# What waterpressure will turn waterwheel to produce 2kW of power with 1.6litres a sec?

• matthewgill

#### matthewgill

I require 2000W of Electricity from a waterwheel (which can be any size). I only have 1.6 litres-per-second MAX, but any pressure.

What pressure of water will I need to turn that waterwheel so it produces 2kW with 1.6 litres of water per second?

If possible, please take efficiency into account, specify the size of wheel you have chosen and explain how you’ve done it.

Thank you

## Answers and Replies

If you can have any pressure it doesn't matter what kind of waterwheel you use. You can get any amount of energy out of it.

I mean, there is no maximum. But obviously I would like to keep it as low as possible and still produce the 2kW with the 1.6 litres p/s... otherwise I am wasting the excess unnecessary energy...

Pressure = Energy / Volume = Power / Flow = 2000/1.6E-3 = 1.25 MPa pressure differential.
So there's your theoretical minimum. Assuming water is incompressible.

Those are odd constraints. You aren't confusing static fill pressure with the dP across the turine, are you?

I don't believe so, no.

For russ_ watters : what do you calculate the minimum pressure required to be if I needed 2000W and only had 2.5litres per second of water?

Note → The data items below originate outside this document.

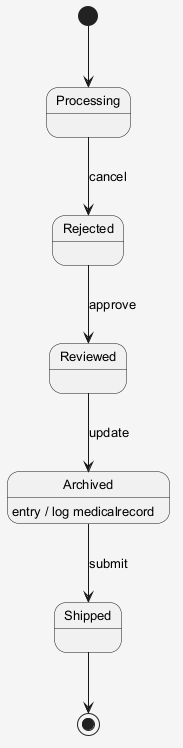

The diagram above was rendered by PlantUML. Its source (embedded in the PNG):
@startuml
skinparam shadowing false
skinparam backgroundColor #F5F5F5
skinparam defaultFontSize 13
[*] --> Processing
Processing --> Rejected : cancel
Rejected --> Reviewed : approve
Reviewed --> Archived : update
Archived --> Shipped : submit
Archived : entry / log medicalrecord
Shipped --> [*]
@enduml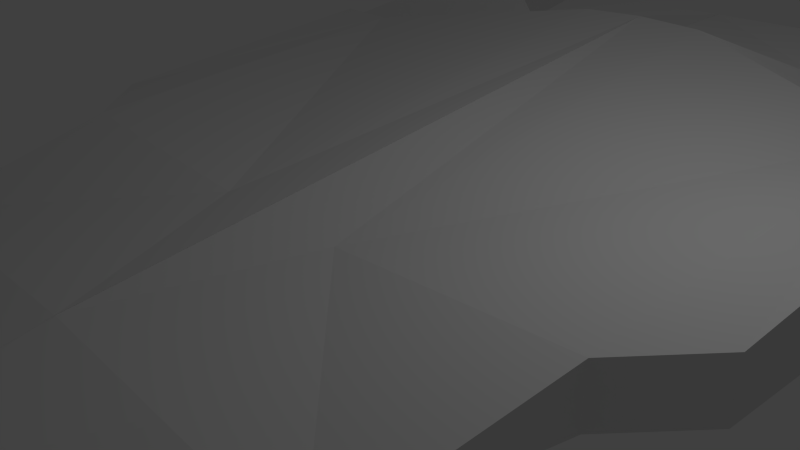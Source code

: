 # Source: mothershipmirrorfinished.blend  (saved by Blender 2.69.0; exported with 4.5.12 LTS)
import bpy
from mathutils import Matrix  # noqa: F401  (used for matrix-valued properties, if any)

bpy.ops.wm.read_factory_settings(use_empty=True)
scene = bpy.context.scene
scene.name = 'Scene'

# ---- collections
col_collection_1 = bpy.data.collections.new('Collection 1'); scene.collection.children.link(col_collection_1)

# ---- materials (node trees are filled in below, after node groups)
mat_material = bpy.data.materials.new('Material')
mat_material.alpha_threshold = 0.0
mat_material.use_transparent_shadow = False
mat_material.roughness = 0.5
mat_material.line_color = (0.0, 0.0, 0.0, 1.0)

# ---- material node trees

# ---- world
world_world = bpy.data.worlds.new('World'); scene.world = world_world
world_world.color = (0.05088, 0.05088, 0.05088)
world_world.use_sun_shadow = False
world_world.sun_shadow_jitter_overblur = 0.0
world_world.cycles.sampling_method = 'MANUAL'
world_world.cycles.sample_map_resolution = 256

# ---- cameras
cam_camera = bpy.data.cameras.new('Camera')
cam_camera.clip_end = 100.0
cam_camera.lens = 35.0
cam_camera.sensor_width = 32.0
cam_camera.sensor_height = 18.0
cam_camera.ortho_scale = 7.314
cam_camera.dof.focus_distance = 0.0
cam_camera.dof.aperture_fstop = 128.0

# ---- lights
light_lamp = bpy.data.lights.new('Lamp', 'POINT')
light_lamp.transmission_factor = 0.0
light_lamp.cutoff_distance = 30.0
light_lamp.energy = 100.0
light_lamp.shadow_buffer_clip_start = 1.001
light_lamp.shadow_soft_size = 0.1
light_lamp.shadow_maximum_resolution = 0.006
light_lamp.use_absolute_resolution = True
light_lamp.cycles.use_multiple_importance_sampling = False

# ---- meshes
me_cube = bpy.data.meshes.new('Cube')
me_cube.from_pydata([(1.001, 6.709, -1.076), (1.001, -0.8568, -1.076), (3.852, -4.066, 0.694), (2.551, 6.709, -0.4341), (3.852, -4.066, -0.4341), (5.288, 11.43, 0.485), (1.001, 1.788, -1.076), (2.2, -1.421, -0.4341), (1.001, 5.701, 2.064), (1.001, -1.421, 1.012), (3.67, -12.12, -0.4615), (3.67, -12.12, -0.9039), (-0.002036, -14.14, -0.9039), (2.95, 8.272, 1.709), (1.731, 8.272, -0.9039), (3.269, 6.709, -0.1382), (3.852, -4.066, -0.1382), (2.891, -1.421, -0.1382), (3.67, -12.12, -0.7947), (3.269, 8.272, -0.1382), (1.065, 7.584, 1.073), (0.8303, 7.584, -0.3336), (0.2722, 7.584, 1.073), (0.2722, 7.584, -0.3336), (1.253, 7.584, -0.1878), (0.2722, 7.584, -0.1878), (2.677, 6.419, 1.516), (4.459, 4.249, 1.605), (4.24, -1.421, 0.4344), (3.269, 4.249, -0.1382), (7.15, 9.26, -0.5964), (1.346, -0.9647, -0.2152), (1.346, -0.9647, 0.3574), (1.346, 4.231, -0.2152), (1.266, 4.231, 0.3574), (6.242, 5.313, 1.231), (0.9172, -15.55, -0.657), (0.9172, -15.55, -0.7874), (0.9172, -15.55, -0.7552), (2.296, 6.254, -2.425), (4.24, -1.421, 1.218), (4.38, 7.483, 2.313), (4.973, 7.773, 0.6587), (4.539, 4.249, 0.4344), (5.093, -0.498, 1.253), (5.312, 4.209, 1.64), (5.093, -0.498, 0.4693), (5.391, 4.209, 0.4693), (1.926, -4.066, 0.7811), (1.816, -13.13, -0.4615), (3.761, -6.283, 0.1163), (1.871, -6.789, 0.1598), (3.852, -4.066, 0.2779), (3.67, -12.12, -0.6281), (3.283, -5.869, 0.3033), (3.761, -8.092, -0.4664), (3.715, -10.11, -0.1726), (3.761, -8.092, -0.669), (3.852, -4.066, -0.2861), (3.67, -12.12, -0.8493), (3.715, -10.11, -0.6305), (3.806, -6.079, -0.3023), (4.663, 3.579, 1.317), (4.702, 3.579, 0.7355), (5.086, 3.559, 1.334), (5.126, 3.559, 0.7528), (0.001052, -15.67, -0.5429), (0.0005205, 6.709, -1.076), (0.0005205, 6.709, 1.688), (0.0005205, 6.709, -0.4341), (0.0005207, -0.8568, -1.076), (0.0005212, -4.066, 0.8682), (0.0005209, -4.066, -0.4341), (0.0005205, 5.701, 2.106), (0.0006821, -14.14, -0.4615), (0.0005207, 1.788, -1.076), (0.0005202, 8.272, 1.709), (0.0005202, 8.272, -0.9039), (0.0005202, 8.272, -0.1382), (0.0007575, -15.55, -0.7874), (-6.882, 6.254, -2.425), (5.88, 10.68, -1.169), (-1.001, 6.709, -1.076), (-1.001, -0.8568, -1.076), (-3.852, -4.066, 0.694), (-2.551, 6.709, -0.4341), (-3.852, -4.066, -0.4341), (-5.288, 11.43, 0.485), (-1.001, 1.788, -1.076), (-2.2, -1.421, -0.4341), (-1.001, 5.701, 2.064), (-1.001, -1.421, 1.012), (-3.67, -12.12, -0.4615), (-3.67, -12.12, -0.9039), (0.002036, -14.14, -0.9039), (-2.95, 8.272, 1.709), (-1.731, 8.272, -0.9039), (-3.269, 6.709, -0.1382), (-3.852, -4.066, -0.1382), (-2.891, -1.421, -0.1382), (-3.67, -12.12, -0.7947), (-3.269, 8.272, -0.1382), (-1.065, 7.584, 1.073), (-0.8303, 7.584, -0.3336), (-0.2722, 7.584, 1.073), (-0.2722, 7.584, -0.3336), (-1.253, 7.584, -0.1878), (-0.2722, 7.584, -0.1878), (-2.677, 6.419, 1.516), (-4.459, 4.249, 1.605), (-4.24, -1.421, 0.4344), (-3.269, 4.249, -0.1382), (-7.15, 9.26, -0.5964), (-1.346, -0.9647, -0.2152), (-1.346, -0.9647, 0.3574), (-1.346, 4.231, -0.2152), (-1.266, 4.231, 0.3574), (-6.242, 5.313, 1.231), (-0.9172, -15.55, -0.657), (-0.9172, -15.55, -0.7874), (-0.9172, -15.55, -0.7552), (-2.296, 6.254, -2.425), (-4.24, -1.421, 1.218), (-4.38, 7.483, 2.313), (-4.973, 7.773, 0.6587), (-4.539, 4.249, 0.4344), (-5.093, -0.498, 1.253), (-5.312, 4.209, 1.64), (-5.093, -0.498, 0.4693), (-5.391, 4.209, 0.4693), (-1.926, -4.066, 0.7811), (-1.816, -13.13, -0.4615), (-3.761, -6.283, 0.1163), (-1.871, -6.789, 0.1598), (-3.852, -4.066, 0.2779), (-3.67, -12.12, -0.6281), (-3.283, -5.869, 0.3033), (-3.761, -8.092, -0.4664), (-3.715, -10.11, -0.1726), (-3.761, -8.092, -0.669), (-3.852, -4.066, -0.2861), (-3.67, -12.12, -0.8493), (-3.715, -10.11, -0.6305), (-3.806, -6.079, -0.3023), (-4.663, 3.579, 1.317), (-4.702, 3.579, 0.7355), (-5.086, 3.559, 1.334), (-5.126, 3.559, 0.7528), (-0.001052, -15.67, -0.5429), (-0.0005205, 6.709, -1.076), (-0.0005205, 6.709, 1.688), (-0.0005205, 6.709, -0.4341), (-0.0005207, -0.8568, -1.076), (-0.0005212, -4.066, 0.8682), (-0.0005209, -4.066, -0.4341), (-0.0005205, 5.701, 2.106), (-0.0006821, -14.14, -0.4615), (-0.0005207, 1.788, -1.076), (-0.0005202, 8.272, 1.709), (-0.0005202, 8.272, -0.9039), (-0.0005202, 8.272, -0.1382), (-0.0007575, -15.55, -0.7874), (6.882, 6.254, -2.425), (-0.0002346, -7.295, 0.2034), (-5.88, 10.68, -1.169), (0.0002346, -7.295, 0.2034)], [(62, 40), (144, 122)], [(17, 28, 2), (6, 0, 3, 7), (73, 71, 9), (3, 69, 77, 14), (3, 0, 67, 69), (1, 4, 72, 70), (6, 75, 67, 0), (7, 4, 1, 6), (2, 9, 71, 48), (72, 4, 57, 11, 12), (51, 163, 74, 49), (2, 54, 50), (19, 14, 21, 24), (15, 3, 14, 19), (16, 58, 17), (3, 15, 29, 17, 7), (4, 58, 16, 61, 55, 60, 18, 59, 11, 57), (1, 70, 75, 6), (77, 78, 25, 23), (73, 9, 8), (24, 21, 23, 25), (20, 24, 25, 22), (78, 76, 22, 25), (14, 77, 23, 21), (76, 13, 20, 22), (13, 19, 24, 20), (33, 34, 32, 31), (28, 17, 31, 32), (17, 29, 33, 31), (10, 49, 36), (18, 38, 37, 11, 59), (36, 49, 74), (11, 37, 79, 12), (26, 76, 68), (16, 17, 2, 52), (47, 45, 44, 46), (50, 51, 49, 10, 56), (50, 54, 51), (48, 71, 163, 51), (63, 62, 64, 65), (47, 43, 63, 65), (45, 47, 65, 64), (79, 37, 66), (37, 38, 66), (41, 35, 30, 5), (74, 66, 36), (58, 4, 17), (17, 4, 7), (13, 76, 26), (35, 42, 81, 30), (13, 26, 15, 19), (5, 30, 81), (54, 2, 51), (48, 51, 2), (2, 50, 52), (16, 52, 50), (18, 60, 53), (53, 60, 10), (10, 60, 56), (50, 56, 60), (16, 50, 61), (60, 55, 50), (55, 61, 50), (73, 8, 68), (8, 26, 68), (15, 26, 41, 42), (43, 15, 42, 35), (42, 41, 5, 81), (40, 2, 28), (40, 9, 2), (29, 43, 34, 33), (27, 9, 40), (27, 8, 9), (43, 28, 32, 34), (10, 36, 38, 18, 53), (27, 45, 64, 62), (28, 43, 47, 46), (27, 40, 44, 45), (40, 28, 46, 44), (43, 27, 62, 63), (36, 66, 38), (26, 43, 35, 41), (29, 15, 43), (26, 8, 43), (27, 43, 8), (99, 84, 110), (88, 89, 85, 82), (155, 91, 153), (85, 96, 159, 151), (85, 151, 149, 82), (83, 152, 154, 86), (88, 82, 149, 157), (89, 88, 83, 86), (84, 130, 153, 91), (154, 94, 93, 139, 86), (133, 131, 156, 163), (84, 132, 136), (101, 106, 103, 96), (97, 101, 96, 85), (98, 99, 140), (85, 89, 99, 111, 97), (86, 139, 93, 141, 100, 142, 137, 143, 98, 140), (83, 88, 157, 152), (159, 105, 107, 160), (155, 90, 91), (106, 107, 105, 103), (102, 104, 107, 106), (160, 107, 104, 158), (96, 103, 105, 159), (158, 104, 102, 95), (95, 102, 106, 101), (115, 113, 114, 116), (110, 114, 113, 99), (99, 113, 115, 111), (92, 118, 131), (100, 141, 93, 119, 120), (118, 156, 131), (93, 94, 161, 119), (108, 150, 158), (98, 134, 84, 99), (129, 128, 126, 127), (132, 138, 92, 131, 133), (132, 133, 136), (130, 133, 163, 153), (145, 147, 146, 144), (129, 147, 145, 125), (127, 146, 147, 129), (161, 148, 119), (119, 148, 120), (123, 87, 112, 117), (156, 118, 148), (140, 99, 86), (99, 89, 86), (95, 108, 158), (117, 112, 164, 124), (95, 101, 97, 108), (87, 164, 112), (136, 133, 84), (130, 84, 133), (84, 134, 132), (98, 132, 134), (100, 135, 142), (135, 92, 142), (92, 138, 142), (132, 142, 138), (98, 143, 132), (142, 132, 137), (137, 132, 143), (155, 150, 90), (90, 150, 108), (97, 124, 123, 108), (125, 117, 124, 97), (124, 164, 87, 123), (122, 110, 84), (122, 84, 91), (111, 115, 116, 125), (109, 122, 91), (109, 91, 90), (125, 116, 114, 110), (92, 135, 100, 120, 118), (109, 144, 146, 127), (110, 128, 129, 125), (109, 127, 126, 122), (122, 126, 128, 110), (125, 145, 144, 109), (118, 120, 148), (108, 123, 117, 125), (111, 125, 97), (108, 125, 90), (109, 90, 125)])
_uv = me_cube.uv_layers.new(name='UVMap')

1.6/2.5 the first answer...

efficiency is another matter and depends how you define it...simple way is to assume a steady state rotation at fixed revolutions...
the water wheel has frictional losses and any generator has electrical losses...
including heat...likely you can find typical generator or alternator losses online...how much a typical water wheel loses in efficiency might be difficult to find...Sounds like you are delivering power locally but if it's distributed over long distances I believe half the power might be lost in transmission lines...virtually none is lost in wiring if power is delivered all local and is not stepped up and down via transformers with their own losses...

Pressure = Energy / Volume = Power / Flow = 2000/1.6E-3 = 1.25 MPa pressure differential.
So there's your theoretical minimum. Assuming water is incompressible.

This formula is ok providing the coeficient is 100 %. Good for first approximation.

Hi matthew'. So tell us about the use for this thing. How are you getting the water pressure? Why 1.6 liters per second?

The first law of thermo reduces to Hin - Hout = work for an expander/turbine. Throw efficiency into the mix...

If I assume an outlet pressure of 0 psig and an isentropic efficiency of 80% (fairly nominal for typical turbines) then I get an inlet of 227 psig needed to produce the 2 kW. I had to do a few conversions to my spreadsheet and this is only a 2 minute analysis, so there's a chance I screwed something up but I think it's ok.